**WHAT YOU SHOULD DO**
What lines of the data below hold "ARPIn"? Show them.
### RECORDED INFORMATION ###
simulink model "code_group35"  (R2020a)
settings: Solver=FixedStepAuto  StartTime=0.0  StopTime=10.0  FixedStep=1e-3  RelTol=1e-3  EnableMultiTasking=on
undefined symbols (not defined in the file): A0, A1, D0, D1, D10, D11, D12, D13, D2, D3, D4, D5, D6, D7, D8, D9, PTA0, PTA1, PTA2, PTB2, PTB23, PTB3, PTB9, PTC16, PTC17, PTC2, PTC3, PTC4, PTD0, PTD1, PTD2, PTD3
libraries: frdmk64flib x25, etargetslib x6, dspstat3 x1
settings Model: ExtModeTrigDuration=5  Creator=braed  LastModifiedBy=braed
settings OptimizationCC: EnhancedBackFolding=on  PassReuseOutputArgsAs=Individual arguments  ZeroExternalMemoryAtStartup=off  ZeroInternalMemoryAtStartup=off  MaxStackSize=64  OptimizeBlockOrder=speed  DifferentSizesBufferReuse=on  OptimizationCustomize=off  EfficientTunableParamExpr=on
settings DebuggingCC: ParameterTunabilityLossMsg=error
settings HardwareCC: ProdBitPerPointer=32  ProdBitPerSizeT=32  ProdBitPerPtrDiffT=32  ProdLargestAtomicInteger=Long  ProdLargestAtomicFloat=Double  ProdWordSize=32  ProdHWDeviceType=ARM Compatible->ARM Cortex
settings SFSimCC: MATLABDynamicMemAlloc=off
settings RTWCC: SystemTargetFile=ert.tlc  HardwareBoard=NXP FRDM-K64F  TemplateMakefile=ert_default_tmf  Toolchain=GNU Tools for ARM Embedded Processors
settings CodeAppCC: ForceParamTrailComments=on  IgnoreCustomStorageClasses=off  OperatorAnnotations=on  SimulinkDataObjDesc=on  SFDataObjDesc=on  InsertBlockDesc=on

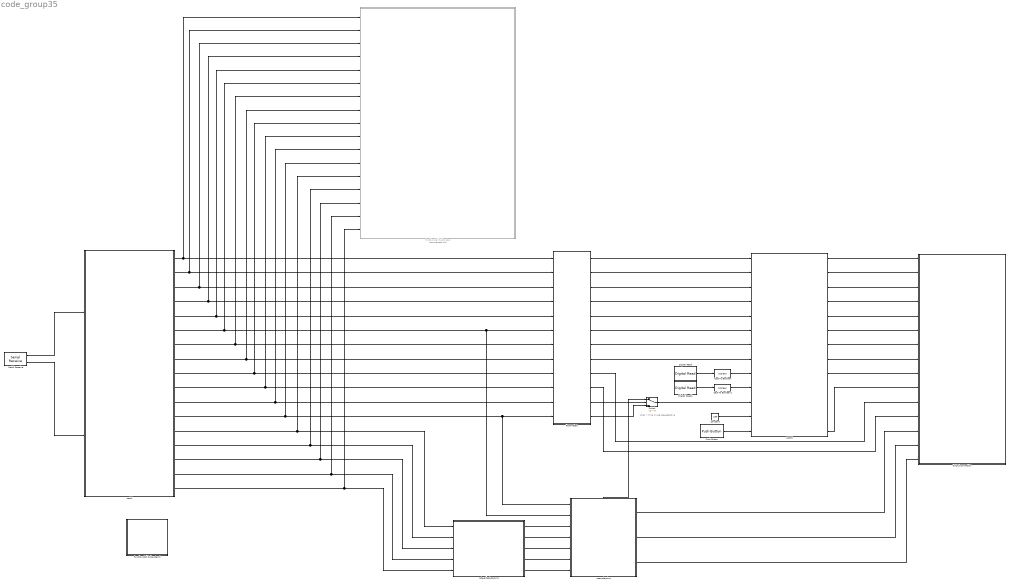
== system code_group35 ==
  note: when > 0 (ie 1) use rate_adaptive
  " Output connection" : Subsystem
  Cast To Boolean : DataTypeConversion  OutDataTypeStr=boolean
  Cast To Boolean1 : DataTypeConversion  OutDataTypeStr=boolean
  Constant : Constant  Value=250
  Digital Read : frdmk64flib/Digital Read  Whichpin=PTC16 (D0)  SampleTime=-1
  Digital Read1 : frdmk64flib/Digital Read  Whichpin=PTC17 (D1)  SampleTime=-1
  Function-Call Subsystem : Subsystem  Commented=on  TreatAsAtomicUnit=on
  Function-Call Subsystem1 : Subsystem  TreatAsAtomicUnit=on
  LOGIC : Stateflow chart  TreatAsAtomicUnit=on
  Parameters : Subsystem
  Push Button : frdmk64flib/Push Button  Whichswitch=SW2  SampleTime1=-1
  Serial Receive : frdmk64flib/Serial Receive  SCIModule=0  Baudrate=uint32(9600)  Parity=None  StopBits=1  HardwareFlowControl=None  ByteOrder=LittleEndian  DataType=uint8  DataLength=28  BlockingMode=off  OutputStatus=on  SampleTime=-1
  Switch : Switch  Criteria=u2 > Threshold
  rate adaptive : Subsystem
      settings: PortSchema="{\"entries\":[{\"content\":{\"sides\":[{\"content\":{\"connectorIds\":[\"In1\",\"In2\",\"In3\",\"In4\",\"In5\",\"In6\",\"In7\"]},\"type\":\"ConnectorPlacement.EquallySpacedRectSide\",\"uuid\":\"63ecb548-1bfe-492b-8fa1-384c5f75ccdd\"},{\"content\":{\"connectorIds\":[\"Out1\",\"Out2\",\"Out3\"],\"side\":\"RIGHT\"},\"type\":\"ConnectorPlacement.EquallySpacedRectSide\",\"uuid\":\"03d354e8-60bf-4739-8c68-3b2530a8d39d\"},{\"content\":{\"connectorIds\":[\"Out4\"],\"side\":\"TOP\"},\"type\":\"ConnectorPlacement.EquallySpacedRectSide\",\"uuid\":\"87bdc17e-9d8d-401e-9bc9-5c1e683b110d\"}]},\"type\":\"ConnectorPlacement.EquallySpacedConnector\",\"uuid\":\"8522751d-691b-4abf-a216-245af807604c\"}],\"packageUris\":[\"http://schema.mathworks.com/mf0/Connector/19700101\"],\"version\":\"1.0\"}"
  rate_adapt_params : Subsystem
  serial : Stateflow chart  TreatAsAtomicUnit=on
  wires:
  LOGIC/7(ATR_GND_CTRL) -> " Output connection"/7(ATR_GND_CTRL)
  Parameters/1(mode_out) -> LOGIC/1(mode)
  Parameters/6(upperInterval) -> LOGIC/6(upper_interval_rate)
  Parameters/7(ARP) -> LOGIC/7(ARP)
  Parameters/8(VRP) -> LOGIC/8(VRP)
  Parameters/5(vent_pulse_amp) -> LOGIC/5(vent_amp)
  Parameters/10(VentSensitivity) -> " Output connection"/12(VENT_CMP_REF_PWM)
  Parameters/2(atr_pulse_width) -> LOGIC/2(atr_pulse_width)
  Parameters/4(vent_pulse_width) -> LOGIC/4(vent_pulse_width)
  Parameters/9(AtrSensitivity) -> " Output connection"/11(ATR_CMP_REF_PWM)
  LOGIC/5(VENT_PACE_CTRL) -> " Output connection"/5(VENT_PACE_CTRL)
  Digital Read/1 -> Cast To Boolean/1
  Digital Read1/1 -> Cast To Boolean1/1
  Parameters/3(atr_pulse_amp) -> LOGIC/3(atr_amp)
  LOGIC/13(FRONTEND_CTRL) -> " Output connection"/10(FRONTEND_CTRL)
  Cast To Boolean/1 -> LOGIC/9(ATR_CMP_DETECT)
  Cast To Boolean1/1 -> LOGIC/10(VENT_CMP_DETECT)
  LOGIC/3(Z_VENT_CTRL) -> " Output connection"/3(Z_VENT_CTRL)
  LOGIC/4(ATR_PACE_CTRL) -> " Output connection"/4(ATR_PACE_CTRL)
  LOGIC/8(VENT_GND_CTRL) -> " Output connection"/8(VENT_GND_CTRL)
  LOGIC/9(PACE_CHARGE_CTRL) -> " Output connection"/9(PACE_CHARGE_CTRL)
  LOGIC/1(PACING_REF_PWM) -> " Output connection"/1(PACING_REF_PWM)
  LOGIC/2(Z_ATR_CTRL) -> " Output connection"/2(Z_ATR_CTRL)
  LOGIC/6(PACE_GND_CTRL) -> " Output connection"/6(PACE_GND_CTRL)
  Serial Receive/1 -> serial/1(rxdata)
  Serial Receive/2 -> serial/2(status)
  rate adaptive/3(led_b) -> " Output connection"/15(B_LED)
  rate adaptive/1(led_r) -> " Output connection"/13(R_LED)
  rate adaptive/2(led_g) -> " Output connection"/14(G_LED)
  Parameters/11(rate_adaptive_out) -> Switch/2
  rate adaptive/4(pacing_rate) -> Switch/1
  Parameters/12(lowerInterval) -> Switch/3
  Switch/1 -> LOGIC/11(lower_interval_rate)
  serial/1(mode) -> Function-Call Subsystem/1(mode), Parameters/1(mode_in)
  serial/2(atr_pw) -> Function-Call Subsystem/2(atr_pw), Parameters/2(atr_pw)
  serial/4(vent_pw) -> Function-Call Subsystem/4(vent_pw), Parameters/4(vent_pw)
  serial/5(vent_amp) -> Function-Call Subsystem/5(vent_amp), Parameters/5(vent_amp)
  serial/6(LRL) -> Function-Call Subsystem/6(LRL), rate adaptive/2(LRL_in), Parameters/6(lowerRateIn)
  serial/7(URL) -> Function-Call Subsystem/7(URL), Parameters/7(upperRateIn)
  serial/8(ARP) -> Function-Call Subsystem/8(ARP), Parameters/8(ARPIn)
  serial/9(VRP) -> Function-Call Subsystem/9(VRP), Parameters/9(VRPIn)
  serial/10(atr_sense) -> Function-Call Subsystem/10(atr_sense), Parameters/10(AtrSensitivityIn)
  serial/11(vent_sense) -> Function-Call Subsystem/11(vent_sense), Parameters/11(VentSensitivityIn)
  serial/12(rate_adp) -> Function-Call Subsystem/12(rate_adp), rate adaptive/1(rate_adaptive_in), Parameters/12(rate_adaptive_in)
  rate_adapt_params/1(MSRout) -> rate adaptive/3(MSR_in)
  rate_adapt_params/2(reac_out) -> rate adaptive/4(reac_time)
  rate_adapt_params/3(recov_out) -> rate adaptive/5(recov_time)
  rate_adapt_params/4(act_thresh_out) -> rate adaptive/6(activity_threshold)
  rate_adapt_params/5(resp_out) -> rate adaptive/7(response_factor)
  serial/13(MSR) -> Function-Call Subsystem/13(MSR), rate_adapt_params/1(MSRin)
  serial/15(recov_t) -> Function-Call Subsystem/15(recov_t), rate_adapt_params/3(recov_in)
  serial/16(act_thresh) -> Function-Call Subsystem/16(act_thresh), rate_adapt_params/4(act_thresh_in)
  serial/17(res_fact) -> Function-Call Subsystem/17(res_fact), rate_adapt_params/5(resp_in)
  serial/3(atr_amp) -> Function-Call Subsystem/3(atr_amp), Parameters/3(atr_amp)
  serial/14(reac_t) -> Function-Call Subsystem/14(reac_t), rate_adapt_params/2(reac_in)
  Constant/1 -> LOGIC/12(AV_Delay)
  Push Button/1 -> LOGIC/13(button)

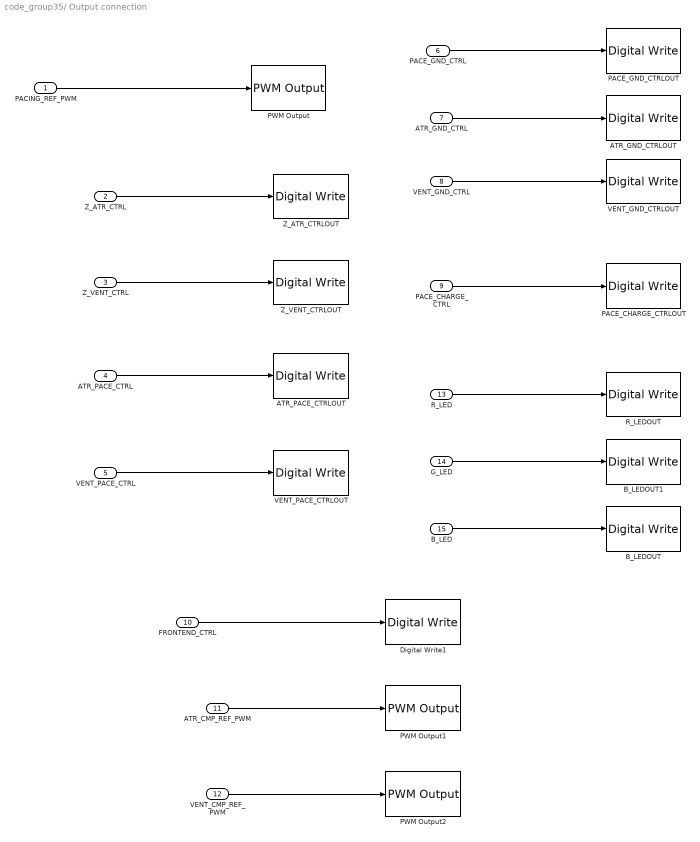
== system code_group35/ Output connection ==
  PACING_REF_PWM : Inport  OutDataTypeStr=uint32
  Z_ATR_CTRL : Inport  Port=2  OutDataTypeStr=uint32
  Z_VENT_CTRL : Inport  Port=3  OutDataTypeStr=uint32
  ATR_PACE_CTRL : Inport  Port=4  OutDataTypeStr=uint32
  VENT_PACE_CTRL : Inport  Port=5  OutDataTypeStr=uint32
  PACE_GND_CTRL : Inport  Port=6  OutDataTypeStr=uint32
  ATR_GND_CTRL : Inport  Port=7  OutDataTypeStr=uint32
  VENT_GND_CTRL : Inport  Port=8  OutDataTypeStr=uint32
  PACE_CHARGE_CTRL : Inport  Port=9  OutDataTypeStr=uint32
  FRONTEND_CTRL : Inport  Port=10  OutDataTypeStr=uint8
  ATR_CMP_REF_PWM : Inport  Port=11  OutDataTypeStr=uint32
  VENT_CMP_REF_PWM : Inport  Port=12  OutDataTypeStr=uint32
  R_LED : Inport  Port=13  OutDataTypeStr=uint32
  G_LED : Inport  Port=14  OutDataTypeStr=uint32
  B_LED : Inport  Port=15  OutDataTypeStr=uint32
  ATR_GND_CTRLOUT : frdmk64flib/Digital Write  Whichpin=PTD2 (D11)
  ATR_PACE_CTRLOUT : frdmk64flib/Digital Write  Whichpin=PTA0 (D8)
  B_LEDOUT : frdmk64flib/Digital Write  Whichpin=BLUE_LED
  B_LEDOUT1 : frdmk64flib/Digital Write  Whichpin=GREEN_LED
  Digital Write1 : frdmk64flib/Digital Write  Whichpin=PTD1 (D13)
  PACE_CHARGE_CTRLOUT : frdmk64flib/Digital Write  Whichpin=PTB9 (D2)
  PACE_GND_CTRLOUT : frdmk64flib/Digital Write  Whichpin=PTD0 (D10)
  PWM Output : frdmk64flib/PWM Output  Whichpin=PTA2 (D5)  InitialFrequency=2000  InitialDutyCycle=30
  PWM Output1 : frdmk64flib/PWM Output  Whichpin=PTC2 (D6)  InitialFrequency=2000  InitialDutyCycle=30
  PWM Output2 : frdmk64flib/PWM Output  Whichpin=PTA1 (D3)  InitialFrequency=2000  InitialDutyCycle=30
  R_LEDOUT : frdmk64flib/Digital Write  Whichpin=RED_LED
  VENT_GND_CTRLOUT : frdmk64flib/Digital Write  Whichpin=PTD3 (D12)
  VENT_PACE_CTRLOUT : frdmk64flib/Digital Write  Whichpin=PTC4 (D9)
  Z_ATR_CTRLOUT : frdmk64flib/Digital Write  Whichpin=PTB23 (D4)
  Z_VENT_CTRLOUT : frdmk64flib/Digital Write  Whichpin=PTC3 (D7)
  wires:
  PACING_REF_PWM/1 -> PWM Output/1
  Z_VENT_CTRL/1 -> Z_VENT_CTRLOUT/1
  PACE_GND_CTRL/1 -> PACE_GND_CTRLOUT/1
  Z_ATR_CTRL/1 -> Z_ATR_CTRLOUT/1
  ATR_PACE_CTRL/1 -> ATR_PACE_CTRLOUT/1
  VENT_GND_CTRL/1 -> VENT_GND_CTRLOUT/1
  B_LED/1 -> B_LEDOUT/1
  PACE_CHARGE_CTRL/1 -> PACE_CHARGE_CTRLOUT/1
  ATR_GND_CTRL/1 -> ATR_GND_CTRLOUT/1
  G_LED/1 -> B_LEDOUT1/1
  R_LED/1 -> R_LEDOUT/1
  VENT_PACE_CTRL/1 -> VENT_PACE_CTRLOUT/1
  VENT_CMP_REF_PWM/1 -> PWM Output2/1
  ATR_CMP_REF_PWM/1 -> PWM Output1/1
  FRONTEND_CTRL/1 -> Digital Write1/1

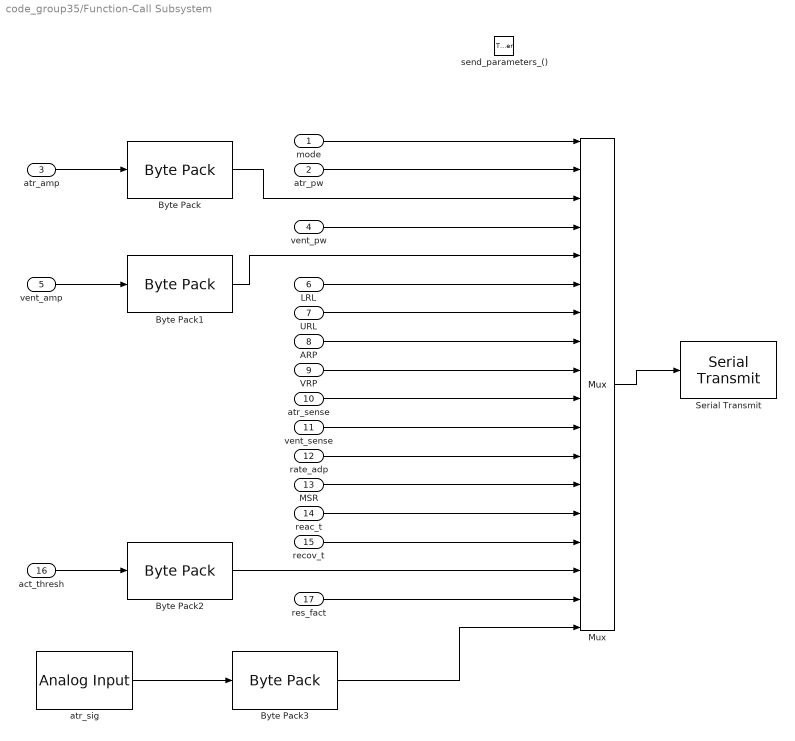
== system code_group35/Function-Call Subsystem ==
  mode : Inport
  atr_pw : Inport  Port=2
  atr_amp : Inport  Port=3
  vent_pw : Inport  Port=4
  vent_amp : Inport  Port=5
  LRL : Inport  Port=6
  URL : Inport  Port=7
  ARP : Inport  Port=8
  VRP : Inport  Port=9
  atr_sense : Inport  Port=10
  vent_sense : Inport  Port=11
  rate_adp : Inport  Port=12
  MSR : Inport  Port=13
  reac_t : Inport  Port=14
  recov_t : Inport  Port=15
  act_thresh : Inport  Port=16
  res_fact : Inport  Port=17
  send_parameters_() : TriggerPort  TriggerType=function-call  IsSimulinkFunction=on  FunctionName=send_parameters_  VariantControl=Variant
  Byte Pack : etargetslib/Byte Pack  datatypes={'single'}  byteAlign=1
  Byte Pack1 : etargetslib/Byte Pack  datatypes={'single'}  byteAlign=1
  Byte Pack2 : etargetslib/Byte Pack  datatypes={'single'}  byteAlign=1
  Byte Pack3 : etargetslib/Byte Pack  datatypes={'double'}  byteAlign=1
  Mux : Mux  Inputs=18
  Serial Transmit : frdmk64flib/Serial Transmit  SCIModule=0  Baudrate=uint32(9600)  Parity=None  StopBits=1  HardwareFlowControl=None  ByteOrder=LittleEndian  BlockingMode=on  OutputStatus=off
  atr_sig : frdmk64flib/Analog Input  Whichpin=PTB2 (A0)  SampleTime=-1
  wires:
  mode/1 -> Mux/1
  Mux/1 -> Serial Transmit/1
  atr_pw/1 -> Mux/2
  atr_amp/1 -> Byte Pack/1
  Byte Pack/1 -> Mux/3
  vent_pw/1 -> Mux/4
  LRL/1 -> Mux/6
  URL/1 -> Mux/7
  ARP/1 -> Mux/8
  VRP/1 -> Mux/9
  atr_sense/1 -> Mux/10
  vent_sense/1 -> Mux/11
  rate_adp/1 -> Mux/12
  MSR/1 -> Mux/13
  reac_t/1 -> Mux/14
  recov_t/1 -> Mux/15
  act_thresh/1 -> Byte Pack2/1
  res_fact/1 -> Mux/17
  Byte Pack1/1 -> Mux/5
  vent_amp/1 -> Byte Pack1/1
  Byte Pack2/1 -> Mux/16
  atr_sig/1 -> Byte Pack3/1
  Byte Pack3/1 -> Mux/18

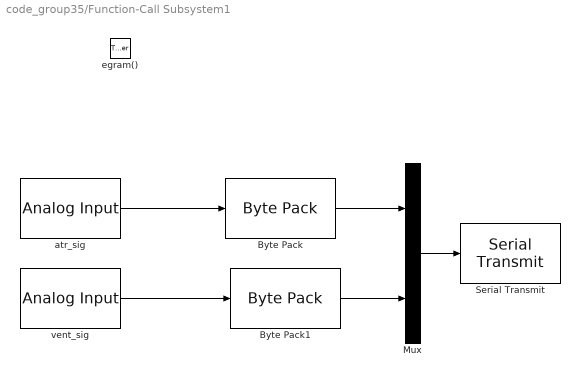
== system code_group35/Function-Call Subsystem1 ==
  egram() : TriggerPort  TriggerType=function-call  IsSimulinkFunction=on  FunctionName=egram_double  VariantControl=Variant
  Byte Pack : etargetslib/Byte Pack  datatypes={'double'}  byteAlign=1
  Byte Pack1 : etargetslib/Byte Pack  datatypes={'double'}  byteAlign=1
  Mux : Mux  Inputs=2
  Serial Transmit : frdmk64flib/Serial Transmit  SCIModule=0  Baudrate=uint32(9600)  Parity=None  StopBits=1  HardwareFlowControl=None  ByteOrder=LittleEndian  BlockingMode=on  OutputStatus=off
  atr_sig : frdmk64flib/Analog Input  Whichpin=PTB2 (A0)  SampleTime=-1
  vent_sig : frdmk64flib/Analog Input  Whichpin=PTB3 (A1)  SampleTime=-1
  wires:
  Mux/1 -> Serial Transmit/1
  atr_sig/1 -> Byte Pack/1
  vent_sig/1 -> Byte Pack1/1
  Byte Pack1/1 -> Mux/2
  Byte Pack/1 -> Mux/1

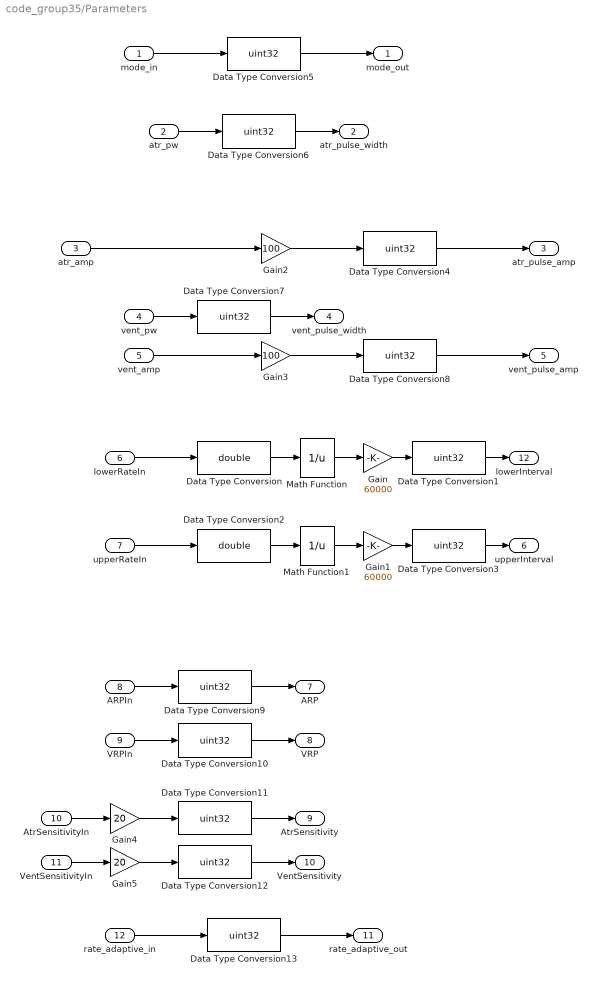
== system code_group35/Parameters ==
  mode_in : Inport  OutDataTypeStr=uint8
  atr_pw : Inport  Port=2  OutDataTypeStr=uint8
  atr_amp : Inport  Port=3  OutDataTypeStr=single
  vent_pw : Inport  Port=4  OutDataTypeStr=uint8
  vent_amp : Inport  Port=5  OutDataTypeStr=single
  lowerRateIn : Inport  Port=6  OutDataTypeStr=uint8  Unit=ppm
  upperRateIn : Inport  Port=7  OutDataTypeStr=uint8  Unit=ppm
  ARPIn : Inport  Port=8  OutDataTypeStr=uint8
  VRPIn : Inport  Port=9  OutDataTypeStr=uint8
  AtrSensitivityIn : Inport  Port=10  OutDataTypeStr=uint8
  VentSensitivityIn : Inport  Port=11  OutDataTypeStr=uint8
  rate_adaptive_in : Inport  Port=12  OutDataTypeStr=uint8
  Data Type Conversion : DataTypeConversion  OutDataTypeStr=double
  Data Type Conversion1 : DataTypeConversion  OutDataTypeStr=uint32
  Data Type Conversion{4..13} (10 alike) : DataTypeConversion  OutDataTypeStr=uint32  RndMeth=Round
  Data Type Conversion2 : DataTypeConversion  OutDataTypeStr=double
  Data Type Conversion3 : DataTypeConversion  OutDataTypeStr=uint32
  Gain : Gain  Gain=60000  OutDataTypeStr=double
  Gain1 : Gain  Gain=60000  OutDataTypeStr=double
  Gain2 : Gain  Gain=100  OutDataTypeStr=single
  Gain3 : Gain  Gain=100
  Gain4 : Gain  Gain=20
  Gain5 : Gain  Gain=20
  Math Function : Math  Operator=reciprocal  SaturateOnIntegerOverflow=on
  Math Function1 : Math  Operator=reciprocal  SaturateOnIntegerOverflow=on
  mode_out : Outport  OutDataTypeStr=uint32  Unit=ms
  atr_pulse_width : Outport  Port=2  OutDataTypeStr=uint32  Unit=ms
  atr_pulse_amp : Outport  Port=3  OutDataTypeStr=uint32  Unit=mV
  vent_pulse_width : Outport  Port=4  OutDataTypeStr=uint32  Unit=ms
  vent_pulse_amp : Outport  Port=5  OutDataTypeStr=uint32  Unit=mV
###
**RESPONSE AREA**
  serial/8(ARP) -> Function-Call Subsystem/8(ARP), Parameters/8(ARPIn)
  ARPIn : Inport  Port=8  OutDataTypeStr=uint8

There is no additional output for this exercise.